* [RECORDS SUPPLIED]
--- START ---
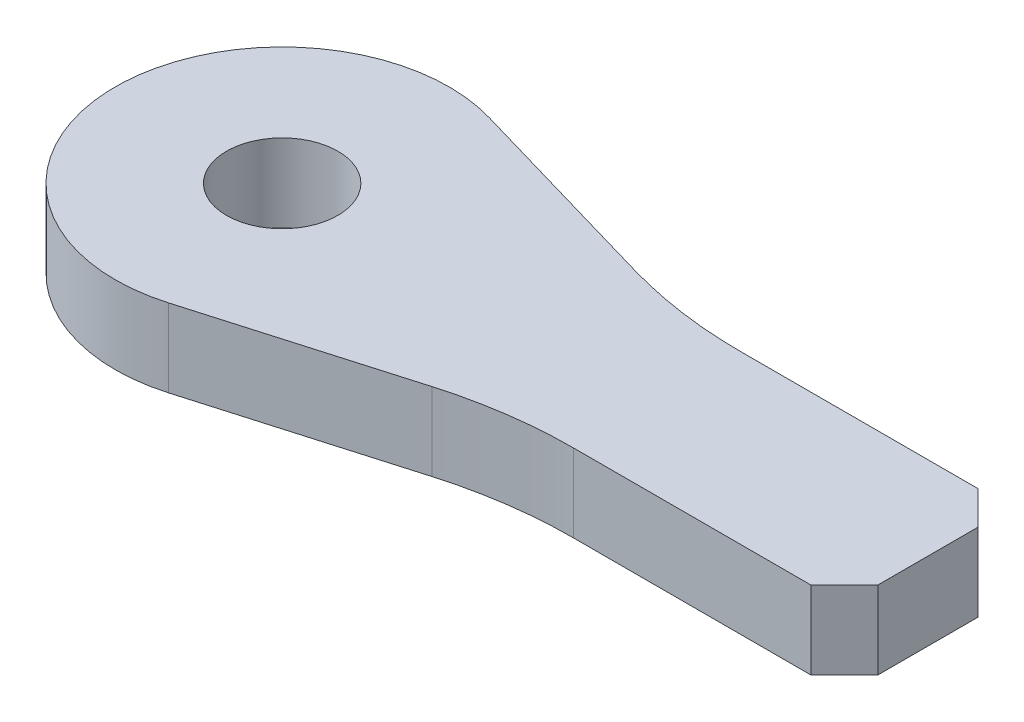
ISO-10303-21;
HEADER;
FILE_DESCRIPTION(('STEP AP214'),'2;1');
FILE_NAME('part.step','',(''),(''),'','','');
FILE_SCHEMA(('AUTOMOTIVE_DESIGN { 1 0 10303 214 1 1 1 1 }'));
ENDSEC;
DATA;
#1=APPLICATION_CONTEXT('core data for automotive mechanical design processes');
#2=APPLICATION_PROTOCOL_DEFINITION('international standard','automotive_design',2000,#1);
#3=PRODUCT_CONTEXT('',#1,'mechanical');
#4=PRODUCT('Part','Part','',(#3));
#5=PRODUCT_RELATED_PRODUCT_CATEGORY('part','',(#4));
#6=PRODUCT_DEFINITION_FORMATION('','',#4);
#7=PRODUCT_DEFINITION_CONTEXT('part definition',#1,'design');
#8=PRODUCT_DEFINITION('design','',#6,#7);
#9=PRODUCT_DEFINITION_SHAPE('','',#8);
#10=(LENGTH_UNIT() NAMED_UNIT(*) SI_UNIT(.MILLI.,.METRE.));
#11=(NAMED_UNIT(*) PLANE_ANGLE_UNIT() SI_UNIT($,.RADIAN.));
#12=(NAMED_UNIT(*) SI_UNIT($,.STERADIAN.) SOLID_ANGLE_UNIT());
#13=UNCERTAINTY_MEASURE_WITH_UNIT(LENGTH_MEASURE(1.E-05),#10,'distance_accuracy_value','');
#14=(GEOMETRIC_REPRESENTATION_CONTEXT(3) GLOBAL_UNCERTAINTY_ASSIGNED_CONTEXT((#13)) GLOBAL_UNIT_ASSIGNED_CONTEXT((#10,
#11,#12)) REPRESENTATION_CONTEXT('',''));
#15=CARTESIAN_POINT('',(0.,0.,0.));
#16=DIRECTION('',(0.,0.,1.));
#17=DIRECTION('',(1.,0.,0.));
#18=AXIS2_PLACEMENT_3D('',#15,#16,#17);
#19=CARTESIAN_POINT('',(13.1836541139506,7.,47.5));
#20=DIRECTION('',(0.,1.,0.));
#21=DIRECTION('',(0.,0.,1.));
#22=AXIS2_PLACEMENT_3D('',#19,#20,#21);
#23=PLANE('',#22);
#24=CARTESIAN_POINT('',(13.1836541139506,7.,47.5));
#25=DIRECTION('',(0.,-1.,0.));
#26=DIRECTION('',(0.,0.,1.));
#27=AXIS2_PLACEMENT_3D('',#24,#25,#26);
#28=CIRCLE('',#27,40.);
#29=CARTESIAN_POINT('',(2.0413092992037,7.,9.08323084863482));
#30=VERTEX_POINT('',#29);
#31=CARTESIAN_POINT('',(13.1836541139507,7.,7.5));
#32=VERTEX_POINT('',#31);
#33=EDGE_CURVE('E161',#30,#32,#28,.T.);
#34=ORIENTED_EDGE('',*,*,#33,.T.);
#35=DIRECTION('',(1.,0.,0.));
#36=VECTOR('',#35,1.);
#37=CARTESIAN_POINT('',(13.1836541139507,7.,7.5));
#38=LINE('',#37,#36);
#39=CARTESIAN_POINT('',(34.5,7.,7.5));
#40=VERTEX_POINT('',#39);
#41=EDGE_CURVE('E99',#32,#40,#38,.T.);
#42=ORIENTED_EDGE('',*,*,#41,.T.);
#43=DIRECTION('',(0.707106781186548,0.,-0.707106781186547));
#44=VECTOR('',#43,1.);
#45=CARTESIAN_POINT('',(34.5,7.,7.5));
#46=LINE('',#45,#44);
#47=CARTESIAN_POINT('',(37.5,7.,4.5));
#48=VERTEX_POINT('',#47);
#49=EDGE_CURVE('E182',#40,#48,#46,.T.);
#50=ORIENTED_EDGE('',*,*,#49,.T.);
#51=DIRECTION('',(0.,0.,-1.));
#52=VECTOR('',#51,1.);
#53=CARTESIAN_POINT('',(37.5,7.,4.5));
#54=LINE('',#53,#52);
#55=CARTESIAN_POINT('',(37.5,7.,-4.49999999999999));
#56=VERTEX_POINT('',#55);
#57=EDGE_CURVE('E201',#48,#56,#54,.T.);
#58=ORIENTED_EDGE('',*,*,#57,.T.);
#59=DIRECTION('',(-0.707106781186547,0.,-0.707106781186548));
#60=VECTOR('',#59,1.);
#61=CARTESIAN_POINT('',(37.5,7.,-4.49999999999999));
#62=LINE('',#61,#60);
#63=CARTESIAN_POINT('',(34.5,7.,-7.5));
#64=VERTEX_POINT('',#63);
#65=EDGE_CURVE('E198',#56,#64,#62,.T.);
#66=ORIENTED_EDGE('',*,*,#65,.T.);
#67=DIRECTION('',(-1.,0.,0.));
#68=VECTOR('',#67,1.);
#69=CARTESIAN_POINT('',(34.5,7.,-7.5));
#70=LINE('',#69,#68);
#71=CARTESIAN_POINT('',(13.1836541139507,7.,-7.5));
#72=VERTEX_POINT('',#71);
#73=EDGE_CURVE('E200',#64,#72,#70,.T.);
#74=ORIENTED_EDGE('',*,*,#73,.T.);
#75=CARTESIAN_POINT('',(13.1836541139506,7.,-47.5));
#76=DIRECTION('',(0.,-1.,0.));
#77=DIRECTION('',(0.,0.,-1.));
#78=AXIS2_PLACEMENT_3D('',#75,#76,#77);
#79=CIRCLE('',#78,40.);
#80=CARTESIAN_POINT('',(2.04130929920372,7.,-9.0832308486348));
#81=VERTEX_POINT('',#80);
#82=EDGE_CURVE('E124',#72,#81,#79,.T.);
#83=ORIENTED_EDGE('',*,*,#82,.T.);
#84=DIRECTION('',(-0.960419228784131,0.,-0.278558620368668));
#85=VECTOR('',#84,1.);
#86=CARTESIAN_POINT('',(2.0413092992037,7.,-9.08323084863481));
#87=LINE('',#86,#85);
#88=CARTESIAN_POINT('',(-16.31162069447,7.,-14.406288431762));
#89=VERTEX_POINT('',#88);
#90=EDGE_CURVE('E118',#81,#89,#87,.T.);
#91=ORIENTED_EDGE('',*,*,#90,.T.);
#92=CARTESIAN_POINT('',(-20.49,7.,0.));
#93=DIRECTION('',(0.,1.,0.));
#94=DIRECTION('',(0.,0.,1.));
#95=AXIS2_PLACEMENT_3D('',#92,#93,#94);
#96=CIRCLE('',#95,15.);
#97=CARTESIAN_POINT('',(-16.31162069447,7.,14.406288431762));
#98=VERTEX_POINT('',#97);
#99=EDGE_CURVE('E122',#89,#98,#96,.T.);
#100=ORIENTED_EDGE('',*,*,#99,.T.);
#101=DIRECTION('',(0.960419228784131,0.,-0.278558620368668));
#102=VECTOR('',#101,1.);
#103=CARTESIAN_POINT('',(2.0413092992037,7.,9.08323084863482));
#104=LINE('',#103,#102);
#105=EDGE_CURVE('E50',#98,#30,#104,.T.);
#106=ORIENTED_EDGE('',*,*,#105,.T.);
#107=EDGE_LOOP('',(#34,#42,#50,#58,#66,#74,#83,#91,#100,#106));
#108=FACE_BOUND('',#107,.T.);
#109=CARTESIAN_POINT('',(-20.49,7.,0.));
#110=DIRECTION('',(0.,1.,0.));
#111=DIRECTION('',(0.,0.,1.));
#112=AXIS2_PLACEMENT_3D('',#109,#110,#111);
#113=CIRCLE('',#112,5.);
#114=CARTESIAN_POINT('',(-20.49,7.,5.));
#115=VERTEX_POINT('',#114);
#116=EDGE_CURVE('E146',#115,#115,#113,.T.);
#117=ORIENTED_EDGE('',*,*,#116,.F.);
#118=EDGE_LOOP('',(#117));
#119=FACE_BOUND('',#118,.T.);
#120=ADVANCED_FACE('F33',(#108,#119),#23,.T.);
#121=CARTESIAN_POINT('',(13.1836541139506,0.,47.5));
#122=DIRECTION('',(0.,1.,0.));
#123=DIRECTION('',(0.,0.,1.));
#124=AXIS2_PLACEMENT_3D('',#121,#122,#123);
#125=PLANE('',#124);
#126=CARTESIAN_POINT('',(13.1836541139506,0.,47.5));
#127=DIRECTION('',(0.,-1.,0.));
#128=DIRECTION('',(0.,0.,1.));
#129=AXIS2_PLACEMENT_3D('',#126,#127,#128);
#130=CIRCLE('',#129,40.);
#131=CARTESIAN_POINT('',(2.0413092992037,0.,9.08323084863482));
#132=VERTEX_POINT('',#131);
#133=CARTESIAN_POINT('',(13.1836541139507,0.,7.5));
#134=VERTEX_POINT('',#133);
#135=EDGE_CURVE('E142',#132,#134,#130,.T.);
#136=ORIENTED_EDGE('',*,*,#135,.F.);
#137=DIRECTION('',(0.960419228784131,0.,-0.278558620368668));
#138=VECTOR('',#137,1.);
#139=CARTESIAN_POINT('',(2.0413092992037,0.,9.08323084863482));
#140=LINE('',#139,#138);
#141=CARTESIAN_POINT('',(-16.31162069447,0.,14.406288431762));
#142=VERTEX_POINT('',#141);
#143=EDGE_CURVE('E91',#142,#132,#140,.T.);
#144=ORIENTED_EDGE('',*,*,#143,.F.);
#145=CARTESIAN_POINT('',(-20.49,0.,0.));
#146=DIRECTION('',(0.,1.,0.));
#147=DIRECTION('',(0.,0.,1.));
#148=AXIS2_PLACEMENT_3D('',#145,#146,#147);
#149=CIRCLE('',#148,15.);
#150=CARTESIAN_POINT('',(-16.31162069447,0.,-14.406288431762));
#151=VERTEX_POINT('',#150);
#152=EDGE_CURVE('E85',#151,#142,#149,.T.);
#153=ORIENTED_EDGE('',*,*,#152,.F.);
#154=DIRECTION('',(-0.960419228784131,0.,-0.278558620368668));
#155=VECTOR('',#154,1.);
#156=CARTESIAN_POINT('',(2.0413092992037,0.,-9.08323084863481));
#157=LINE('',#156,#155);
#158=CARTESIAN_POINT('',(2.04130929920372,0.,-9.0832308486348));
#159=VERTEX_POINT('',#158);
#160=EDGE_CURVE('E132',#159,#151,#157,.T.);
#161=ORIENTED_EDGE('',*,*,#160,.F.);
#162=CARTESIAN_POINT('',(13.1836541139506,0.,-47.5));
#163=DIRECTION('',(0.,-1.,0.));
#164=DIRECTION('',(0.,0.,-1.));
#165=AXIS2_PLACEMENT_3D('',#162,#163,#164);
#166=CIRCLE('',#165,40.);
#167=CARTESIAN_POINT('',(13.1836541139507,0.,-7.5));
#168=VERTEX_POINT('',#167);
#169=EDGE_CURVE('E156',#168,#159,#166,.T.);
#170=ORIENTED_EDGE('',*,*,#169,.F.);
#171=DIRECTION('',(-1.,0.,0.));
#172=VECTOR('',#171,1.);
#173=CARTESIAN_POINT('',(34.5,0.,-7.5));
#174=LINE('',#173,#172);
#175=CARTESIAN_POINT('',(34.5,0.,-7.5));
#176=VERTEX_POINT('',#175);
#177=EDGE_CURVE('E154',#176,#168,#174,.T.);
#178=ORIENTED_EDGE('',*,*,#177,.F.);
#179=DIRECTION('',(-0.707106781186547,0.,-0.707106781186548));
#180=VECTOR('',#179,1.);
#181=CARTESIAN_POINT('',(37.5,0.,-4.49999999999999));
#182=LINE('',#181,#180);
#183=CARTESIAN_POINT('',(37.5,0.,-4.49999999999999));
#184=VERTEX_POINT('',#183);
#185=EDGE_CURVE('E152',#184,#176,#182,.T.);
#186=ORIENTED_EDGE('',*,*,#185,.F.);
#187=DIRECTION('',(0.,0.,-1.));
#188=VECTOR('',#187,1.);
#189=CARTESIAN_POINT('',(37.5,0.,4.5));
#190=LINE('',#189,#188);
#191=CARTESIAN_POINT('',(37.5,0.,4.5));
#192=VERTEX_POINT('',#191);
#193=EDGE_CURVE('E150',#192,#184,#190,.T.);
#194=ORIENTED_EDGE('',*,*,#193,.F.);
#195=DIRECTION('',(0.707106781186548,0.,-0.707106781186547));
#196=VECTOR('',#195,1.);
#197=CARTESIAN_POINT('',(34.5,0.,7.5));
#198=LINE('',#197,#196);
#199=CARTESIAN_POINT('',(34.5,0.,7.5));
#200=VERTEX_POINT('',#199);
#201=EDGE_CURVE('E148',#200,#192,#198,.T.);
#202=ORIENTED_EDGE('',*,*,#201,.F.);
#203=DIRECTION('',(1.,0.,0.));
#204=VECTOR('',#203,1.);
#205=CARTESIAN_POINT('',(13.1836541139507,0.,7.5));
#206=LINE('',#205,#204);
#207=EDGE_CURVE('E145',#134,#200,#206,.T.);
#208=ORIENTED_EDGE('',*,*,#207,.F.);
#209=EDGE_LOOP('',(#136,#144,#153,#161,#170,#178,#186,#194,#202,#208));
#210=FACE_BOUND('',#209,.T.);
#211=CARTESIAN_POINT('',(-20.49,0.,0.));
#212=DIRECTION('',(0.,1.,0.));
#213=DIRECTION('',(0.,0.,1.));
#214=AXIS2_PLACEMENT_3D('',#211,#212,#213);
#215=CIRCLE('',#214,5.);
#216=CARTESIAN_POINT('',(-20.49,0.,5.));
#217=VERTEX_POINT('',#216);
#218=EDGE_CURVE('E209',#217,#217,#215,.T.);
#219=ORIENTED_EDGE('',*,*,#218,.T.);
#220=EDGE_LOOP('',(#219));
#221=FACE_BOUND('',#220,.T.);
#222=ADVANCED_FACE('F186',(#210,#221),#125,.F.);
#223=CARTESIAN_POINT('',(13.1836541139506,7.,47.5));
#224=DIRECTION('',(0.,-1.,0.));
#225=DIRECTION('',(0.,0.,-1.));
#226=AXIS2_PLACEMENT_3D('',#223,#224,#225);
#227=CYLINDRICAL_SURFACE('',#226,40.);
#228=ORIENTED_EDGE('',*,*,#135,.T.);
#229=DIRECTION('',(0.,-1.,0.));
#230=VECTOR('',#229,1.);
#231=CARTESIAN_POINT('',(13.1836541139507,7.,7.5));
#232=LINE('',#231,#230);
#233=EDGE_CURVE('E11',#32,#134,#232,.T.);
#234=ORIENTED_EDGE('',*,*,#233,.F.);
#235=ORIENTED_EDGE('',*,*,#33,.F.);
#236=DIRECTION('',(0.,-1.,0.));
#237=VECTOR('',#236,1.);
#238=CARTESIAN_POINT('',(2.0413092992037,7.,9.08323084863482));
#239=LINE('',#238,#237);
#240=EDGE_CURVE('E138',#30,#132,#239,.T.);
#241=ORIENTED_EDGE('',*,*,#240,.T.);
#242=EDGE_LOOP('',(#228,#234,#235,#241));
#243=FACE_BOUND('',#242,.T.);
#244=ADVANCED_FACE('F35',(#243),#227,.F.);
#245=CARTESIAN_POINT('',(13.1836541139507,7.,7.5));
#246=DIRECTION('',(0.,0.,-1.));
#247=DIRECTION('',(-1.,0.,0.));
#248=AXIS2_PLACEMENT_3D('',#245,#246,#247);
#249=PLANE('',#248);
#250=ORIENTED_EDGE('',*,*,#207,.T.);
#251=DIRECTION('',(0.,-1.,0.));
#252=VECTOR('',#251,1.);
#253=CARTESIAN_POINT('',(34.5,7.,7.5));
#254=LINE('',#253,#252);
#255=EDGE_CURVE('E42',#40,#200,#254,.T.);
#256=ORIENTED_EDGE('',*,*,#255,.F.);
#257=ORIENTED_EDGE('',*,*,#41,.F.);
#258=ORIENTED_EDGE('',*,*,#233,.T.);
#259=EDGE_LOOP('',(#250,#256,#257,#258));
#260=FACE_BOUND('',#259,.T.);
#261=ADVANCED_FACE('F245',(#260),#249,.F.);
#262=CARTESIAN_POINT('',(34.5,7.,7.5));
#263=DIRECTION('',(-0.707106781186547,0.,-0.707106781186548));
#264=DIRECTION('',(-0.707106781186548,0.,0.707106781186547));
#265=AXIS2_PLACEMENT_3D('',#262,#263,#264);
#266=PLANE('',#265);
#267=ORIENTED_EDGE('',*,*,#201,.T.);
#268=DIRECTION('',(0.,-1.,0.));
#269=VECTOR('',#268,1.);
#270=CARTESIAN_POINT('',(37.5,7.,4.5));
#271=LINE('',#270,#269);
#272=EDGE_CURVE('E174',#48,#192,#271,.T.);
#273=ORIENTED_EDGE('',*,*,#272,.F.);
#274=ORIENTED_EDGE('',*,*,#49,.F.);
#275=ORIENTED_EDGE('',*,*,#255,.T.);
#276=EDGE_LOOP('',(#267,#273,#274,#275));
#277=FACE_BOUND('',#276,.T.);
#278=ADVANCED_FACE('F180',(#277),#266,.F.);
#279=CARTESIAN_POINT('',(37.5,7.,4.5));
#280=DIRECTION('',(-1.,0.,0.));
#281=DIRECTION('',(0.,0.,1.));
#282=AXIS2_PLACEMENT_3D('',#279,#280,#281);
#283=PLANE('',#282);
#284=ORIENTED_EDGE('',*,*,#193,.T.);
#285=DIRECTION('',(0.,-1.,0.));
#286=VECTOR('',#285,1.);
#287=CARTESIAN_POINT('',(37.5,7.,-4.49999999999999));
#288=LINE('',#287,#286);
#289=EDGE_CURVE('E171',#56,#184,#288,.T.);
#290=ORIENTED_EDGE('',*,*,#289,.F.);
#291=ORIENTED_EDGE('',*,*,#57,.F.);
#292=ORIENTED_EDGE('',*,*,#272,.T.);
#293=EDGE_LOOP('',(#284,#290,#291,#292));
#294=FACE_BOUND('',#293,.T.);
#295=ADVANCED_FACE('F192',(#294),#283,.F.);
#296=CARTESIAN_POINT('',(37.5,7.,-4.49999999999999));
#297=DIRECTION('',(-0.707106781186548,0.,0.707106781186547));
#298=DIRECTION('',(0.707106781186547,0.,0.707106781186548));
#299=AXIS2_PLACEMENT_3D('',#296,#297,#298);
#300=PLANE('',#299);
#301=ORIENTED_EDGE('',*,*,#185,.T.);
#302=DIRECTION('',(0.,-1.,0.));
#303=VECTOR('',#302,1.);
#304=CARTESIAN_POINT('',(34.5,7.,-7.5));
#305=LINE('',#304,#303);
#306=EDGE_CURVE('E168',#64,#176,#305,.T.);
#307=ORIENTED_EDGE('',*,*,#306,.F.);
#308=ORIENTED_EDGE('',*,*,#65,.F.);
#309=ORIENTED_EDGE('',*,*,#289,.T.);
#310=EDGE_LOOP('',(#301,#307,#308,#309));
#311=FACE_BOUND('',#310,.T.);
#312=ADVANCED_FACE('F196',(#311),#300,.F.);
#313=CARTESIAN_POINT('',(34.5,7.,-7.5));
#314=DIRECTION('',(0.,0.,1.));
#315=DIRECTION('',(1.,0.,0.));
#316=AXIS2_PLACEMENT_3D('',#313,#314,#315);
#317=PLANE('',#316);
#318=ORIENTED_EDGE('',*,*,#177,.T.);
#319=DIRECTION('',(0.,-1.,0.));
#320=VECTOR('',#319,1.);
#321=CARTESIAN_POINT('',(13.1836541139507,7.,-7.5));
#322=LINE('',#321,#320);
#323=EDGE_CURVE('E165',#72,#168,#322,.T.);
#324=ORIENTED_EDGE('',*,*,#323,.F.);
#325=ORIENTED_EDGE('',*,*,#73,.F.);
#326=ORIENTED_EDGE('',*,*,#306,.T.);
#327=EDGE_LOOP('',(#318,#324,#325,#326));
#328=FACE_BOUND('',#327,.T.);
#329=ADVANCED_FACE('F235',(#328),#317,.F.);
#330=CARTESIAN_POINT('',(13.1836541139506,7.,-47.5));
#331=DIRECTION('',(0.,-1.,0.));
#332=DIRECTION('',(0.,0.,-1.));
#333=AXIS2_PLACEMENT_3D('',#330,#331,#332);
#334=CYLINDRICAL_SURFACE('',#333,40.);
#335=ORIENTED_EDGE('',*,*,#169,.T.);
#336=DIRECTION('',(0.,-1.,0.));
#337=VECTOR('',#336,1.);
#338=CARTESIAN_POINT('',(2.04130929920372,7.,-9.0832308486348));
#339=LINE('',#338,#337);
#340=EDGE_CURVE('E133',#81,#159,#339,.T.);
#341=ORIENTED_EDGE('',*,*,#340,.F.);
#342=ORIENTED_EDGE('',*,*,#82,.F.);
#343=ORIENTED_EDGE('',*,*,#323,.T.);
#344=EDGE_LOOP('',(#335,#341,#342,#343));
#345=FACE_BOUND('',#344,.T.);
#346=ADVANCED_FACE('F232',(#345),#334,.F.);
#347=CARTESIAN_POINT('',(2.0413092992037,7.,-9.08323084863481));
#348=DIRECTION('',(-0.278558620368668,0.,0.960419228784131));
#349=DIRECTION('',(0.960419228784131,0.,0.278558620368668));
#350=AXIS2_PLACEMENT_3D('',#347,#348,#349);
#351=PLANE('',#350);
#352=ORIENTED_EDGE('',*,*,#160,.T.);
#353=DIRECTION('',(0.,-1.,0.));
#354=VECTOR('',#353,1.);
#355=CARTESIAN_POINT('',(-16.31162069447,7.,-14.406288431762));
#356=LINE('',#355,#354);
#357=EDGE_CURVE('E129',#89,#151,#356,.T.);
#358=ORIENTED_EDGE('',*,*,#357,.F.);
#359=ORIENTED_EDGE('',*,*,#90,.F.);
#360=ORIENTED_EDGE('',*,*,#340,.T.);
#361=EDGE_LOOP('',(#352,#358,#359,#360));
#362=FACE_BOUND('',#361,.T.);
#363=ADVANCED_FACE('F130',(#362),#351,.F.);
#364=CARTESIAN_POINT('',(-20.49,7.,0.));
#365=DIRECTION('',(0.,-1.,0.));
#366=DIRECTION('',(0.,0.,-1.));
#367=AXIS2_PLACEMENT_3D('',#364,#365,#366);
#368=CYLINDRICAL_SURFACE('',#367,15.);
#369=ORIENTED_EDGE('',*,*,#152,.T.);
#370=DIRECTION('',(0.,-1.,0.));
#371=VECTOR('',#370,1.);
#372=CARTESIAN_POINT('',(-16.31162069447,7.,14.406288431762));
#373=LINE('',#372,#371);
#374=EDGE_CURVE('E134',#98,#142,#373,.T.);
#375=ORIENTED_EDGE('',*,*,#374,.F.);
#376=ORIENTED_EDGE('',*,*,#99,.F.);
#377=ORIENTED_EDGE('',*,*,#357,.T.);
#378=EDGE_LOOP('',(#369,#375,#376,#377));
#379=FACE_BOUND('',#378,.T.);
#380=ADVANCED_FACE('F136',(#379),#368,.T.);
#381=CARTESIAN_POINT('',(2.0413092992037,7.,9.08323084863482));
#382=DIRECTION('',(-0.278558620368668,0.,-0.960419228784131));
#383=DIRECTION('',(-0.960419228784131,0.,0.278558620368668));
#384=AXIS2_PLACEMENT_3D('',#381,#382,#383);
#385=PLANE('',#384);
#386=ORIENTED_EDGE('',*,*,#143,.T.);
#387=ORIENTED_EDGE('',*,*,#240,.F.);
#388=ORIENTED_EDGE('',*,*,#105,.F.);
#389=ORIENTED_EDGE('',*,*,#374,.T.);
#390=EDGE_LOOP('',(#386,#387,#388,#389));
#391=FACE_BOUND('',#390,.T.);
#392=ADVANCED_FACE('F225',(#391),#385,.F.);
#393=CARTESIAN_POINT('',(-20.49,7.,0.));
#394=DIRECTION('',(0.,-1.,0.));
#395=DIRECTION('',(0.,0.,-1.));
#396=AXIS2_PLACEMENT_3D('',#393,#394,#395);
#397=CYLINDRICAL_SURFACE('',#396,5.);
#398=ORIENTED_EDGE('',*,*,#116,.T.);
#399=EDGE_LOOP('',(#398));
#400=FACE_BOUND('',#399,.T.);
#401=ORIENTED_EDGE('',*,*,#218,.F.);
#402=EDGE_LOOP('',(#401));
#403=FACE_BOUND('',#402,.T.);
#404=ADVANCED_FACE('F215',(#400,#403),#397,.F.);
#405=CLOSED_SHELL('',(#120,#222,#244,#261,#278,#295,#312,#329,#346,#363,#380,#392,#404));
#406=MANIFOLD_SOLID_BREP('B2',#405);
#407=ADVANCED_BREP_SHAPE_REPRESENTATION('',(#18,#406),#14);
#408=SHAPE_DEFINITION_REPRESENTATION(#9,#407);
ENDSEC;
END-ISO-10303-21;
--- END ---
* [PROBLEM DETAILS]
Everything above from the line containing "#307=ORIENTED_EDGE('',*,*,#306,.F.);" through the line containing "#347=CARTESIAN_POINT('',(2.0413092992037,7.,-9.08323084863481));" must be copied exactly. Nothing outside that range belongs in the answer.

* [SOLUTION TO THIS PROBLEM]
#307=ORIENTED_EDGE('',*,*,#306,.F.);
#308=ORIENTED_EDGE('',*,*,#65,.F.);
#309=ORIENTED_EDGE('',*,*,#289,.T.);
#310=EDGE_LOOP('',(#301,#307,#308,#309));
#311=FACE_BOUND('',#310,.T.);
#312=ADVANCED_FACE('F196',(#311),#300,.F.);
#313=CARTESIAN_POINT('',(34.5,7.,-7.5));
#314=DIRECTION('',(0.,0.,1.));
#315=DIRECTION('',(1.,0.,0.));
#316=AXIS2_PLACEMENT_3D('',#313,#314,#315);
#317=PLANE('',#316);
#318=ORIENTED_EDGE('',*,*,#177,.T.);
#319=DIRECTION('',(0.,-1.,0.));
#320=VECTOR('',#319,1.);
#321=CARTESIAN_POINT('',(13.1836541139507,7.,-7.5));
#322=LINE('',#321,#320);
#323=EDGE_CURVE('E165',#72,#168,#322,.T.);
#324=ORIENTED_EDGE('',*,*,#323,.F.);
#325=ORIENTED_EDGE('',*,*,#73,.F.);
#326=ORIENTED_EDGE('',*,*,#306,.T.);
#327=EDGE_LOOP('',(#318,#324,#325,#326));
#328=FACE_BOUND('',#327,.T.);
#329=ADVANCED_FACE('F235',(#328),#317,.F.);
#330=CARTESIAN_POINT('',(13.1836541139506,7.,-47.5));
#331=DIRECTION('',(0.,-1.,0.));
#332=DIRECTION('',(0.,0.,-1.));
#333=AXIS2_PLACEMENT_3D('',#330,#331,#332);
#334=CYLINDRICAL_SURFACE('',#333,40.);
#335=ORIENTED_EDGE('',*,*,#169,.T.);
#336=DIRECTION('',(0.,-1.,0.));
#337=VECTOR('',#336,1.);
#338=CARTESIAN_POINT('',(2.04130929920372,7.,-9.0832308486348));
#339=LINE('',#338,#337);
#340=EDGE_CURVE('E133',#81,#159,#339,.T.);
#341=ORIENTED_EDGE('',*,*,#340,.F.);
#342=ORIENTED_EDGE('',*,*,#82,.F.);
#343=ORIENTED_EDGE('',*,*,#323,.T.);
#344=EDGE_LOOP('',(#335,#341,#342,#343));
#345=FACE_BOUND('',#344,.T.);
#346=ADVANCED_FACE('F232',(#345),#334,.F.);
#347=CARTESIAN_POINT('',(2.0413092992037,7.,-9.08323084863481));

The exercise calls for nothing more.